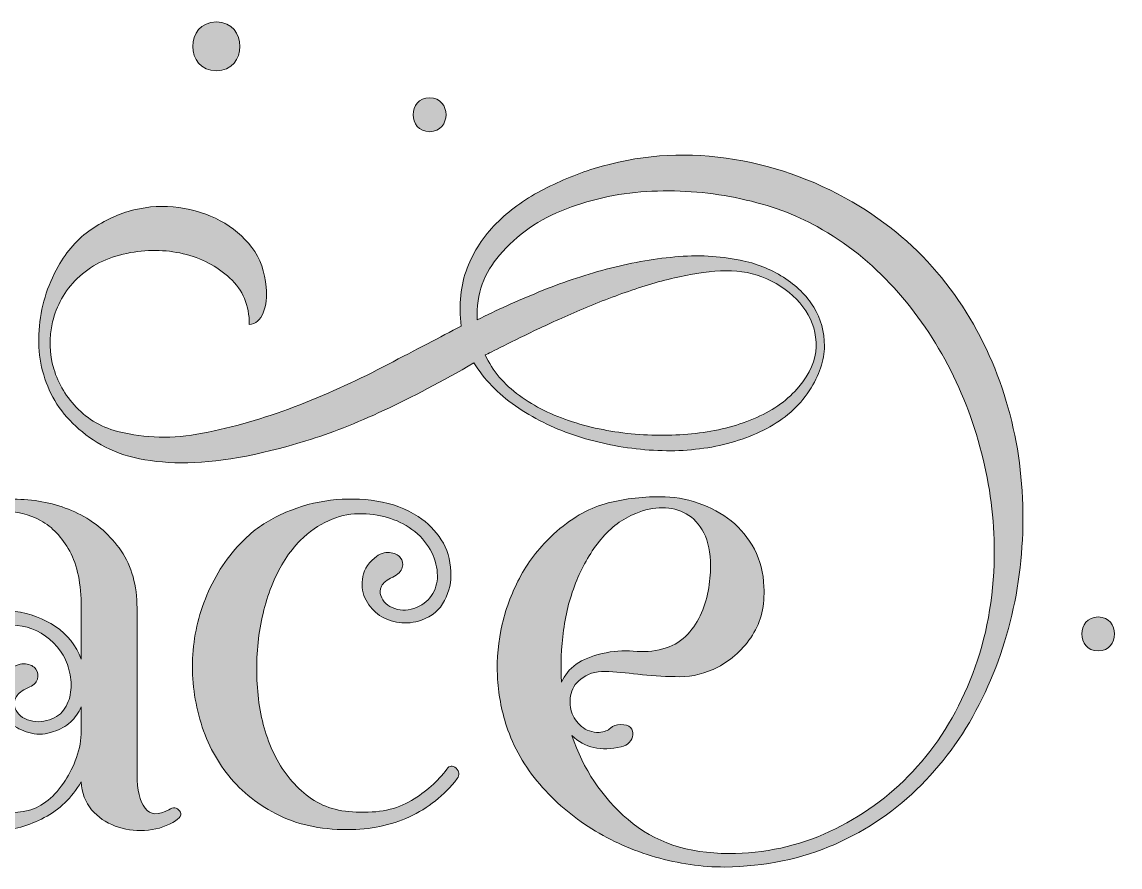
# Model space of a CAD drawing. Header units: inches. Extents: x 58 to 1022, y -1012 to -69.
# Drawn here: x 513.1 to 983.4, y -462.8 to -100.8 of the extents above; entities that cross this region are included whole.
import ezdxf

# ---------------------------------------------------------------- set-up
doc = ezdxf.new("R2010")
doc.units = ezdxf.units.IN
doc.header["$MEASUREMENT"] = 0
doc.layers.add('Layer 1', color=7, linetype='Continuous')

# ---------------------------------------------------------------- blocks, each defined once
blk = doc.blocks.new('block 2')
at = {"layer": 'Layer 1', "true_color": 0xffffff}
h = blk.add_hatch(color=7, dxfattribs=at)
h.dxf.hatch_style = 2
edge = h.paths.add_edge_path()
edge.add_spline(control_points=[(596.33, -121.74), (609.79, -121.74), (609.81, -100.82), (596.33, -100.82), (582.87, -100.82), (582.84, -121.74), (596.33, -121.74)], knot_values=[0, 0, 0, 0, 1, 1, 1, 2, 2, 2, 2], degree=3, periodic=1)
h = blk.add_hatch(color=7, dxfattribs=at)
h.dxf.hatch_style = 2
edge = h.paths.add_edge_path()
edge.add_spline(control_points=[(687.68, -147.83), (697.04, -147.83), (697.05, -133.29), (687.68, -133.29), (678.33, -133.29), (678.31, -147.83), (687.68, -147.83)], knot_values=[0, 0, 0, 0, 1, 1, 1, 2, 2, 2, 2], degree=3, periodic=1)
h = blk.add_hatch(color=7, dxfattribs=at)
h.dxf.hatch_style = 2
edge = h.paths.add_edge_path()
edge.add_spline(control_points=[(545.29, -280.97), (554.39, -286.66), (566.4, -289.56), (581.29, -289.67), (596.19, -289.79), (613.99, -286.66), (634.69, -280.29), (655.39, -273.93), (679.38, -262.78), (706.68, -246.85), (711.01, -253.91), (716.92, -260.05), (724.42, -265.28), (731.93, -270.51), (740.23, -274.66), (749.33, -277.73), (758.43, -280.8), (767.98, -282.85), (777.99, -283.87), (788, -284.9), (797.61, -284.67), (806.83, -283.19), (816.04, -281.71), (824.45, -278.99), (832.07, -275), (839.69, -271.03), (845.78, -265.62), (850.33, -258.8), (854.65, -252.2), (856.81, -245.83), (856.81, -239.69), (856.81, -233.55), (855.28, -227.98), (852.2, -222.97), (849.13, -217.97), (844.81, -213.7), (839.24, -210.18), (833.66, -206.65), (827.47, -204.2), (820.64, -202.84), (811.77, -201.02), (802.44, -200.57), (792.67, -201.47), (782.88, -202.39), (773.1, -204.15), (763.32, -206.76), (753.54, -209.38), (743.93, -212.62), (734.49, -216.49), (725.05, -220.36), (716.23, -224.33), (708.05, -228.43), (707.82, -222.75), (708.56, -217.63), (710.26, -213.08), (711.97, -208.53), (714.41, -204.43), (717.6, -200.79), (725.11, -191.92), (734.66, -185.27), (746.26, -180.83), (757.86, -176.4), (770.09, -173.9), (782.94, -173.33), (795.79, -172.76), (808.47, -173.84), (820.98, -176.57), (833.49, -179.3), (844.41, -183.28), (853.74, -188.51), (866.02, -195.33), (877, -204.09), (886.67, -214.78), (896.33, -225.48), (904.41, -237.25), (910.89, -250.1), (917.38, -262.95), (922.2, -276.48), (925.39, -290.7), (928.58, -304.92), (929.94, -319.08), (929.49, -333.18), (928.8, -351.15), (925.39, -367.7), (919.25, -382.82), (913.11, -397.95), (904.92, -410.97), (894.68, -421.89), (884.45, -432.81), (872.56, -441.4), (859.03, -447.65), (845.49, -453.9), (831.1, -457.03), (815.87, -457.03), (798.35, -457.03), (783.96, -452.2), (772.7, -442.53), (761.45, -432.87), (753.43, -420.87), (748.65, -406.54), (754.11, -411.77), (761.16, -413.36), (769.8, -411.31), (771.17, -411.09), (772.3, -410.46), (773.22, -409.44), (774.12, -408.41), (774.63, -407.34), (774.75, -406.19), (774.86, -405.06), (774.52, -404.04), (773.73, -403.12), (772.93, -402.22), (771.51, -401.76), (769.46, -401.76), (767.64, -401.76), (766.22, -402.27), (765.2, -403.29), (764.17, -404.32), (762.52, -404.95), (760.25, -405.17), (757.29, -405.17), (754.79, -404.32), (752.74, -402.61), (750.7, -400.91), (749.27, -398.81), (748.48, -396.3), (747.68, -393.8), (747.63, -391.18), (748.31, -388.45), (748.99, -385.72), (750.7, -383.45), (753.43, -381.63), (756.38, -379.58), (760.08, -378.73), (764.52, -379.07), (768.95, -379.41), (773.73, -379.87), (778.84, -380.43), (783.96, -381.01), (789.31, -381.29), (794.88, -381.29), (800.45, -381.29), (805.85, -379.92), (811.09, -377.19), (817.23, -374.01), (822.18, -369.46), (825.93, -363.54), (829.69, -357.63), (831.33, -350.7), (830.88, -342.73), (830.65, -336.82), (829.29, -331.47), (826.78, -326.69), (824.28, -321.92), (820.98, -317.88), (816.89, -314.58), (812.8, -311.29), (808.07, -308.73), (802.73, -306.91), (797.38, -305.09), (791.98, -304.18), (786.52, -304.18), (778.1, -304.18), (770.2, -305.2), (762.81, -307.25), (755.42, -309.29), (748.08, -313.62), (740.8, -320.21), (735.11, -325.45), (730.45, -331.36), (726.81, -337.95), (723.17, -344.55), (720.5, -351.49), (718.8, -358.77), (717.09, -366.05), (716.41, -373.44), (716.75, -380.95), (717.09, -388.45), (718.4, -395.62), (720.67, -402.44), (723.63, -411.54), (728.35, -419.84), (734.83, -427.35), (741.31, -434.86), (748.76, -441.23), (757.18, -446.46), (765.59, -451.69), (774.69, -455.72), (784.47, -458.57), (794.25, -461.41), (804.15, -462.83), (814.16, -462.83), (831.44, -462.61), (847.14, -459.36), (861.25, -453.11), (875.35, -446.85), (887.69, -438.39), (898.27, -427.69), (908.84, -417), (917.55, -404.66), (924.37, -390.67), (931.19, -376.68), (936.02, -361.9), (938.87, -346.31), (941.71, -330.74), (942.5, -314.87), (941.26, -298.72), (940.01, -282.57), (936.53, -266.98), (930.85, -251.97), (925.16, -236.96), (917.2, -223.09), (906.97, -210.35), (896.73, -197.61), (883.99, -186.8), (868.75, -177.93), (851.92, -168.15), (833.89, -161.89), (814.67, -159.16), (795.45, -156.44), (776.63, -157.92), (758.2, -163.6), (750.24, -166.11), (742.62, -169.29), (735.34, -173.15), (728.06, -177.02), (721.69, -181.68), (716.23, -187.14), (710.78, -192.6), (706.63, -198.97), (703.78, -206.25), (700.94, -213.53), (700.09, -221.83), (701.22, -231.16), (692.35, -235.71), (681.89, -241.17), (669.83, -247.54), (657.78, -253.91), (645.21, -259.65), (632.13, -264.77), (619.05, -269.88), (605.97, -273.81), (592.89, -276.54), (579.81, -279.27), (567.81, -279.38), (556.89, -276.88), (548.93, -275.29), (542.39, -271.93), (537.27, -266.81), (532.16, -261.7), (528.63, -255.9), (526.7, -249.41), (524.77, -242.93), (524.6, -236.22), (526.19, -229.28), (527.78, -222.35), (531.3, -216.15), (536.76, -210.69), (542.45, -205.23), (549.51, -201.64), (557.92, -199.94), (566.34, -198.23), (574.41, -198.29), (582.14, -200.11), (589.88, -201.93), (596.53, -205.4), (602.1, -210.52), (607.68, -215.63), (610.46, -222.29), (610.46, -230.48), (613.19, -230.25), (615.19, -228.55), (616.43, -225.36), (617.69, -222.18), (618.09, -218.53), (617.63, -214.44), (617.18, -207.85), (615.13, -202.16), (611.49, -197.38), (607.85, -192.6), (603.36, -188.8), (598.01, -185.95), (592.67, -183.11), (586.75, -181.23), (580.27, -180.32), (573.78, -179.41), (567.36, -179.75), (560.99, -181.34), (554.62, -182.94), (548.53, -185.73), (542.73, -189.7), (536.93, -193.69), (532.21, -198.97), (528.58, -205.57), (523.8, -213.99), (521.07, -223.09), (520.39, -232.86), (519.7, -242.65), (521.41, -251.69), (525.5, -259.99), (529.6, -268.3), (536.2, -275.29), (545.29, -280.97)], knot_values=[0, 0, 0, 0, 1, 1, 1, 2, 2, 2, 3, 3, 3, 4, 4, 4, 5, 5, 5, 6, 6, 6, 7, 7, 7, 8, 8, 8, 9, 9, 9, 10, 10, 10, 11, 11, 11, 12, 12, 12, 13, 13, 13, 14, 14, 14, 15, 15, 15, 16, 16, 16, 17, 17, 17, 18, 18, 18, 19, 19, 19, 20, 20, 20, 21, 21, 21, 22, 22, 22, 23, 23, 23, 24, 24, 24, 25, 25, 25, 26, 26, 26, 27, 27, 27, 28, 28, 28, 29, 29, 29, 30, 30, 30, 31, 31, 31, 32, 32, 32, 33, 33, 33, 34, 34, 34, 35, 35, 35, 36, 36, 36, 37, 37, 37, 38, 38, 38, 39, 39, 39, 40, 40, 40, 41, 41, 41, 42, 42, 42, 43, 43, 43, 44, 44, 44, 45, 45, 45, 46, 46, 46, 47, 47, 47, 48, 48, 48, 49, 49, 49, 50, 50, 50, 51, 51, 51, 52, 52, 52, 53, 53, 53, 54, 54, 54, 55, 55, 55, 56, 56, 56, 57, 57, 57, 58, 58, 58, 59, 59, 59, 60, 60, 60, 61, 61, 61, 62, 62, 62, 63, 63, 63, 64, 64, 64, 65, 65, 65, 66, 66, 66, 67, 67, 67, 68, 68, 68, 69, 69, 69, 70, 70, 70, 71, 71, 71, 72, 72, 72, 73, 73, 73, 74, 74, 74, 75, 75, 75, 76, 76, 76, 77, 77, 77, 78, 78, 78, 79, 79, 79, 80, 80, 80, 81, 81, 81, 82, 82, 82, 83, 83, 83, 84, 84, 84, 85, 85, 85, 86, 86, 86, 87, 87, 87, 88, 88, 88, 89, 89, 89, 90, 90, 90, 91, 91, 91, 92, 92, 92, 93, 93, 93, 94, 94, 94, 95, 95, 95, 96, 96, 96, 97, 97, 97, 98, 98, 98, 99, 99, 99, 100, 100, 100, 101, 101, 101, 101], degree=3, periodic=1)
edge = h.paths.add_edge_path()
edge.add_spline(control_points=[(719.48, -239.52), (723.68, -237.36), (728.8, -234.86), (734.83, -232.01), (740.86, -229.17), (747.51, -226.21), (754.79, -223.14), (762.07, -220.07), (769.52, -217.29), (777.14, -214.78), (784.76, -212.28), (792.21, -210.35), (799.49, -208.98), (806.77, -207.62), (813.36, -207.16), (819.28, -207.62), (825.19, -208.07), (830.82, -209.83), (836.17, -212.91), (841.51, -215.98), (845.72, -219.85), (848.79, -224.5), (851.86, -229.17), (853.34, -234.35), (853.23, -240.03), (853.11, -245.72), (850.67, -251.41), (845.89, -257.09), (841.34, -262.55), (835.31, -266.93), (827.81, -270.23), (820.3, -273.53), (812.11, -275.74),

--*--

*Exercise brief:* If a line in the material above contains the word "ezdxf", it counts; give only the number of such lines.

*Solution below:* 3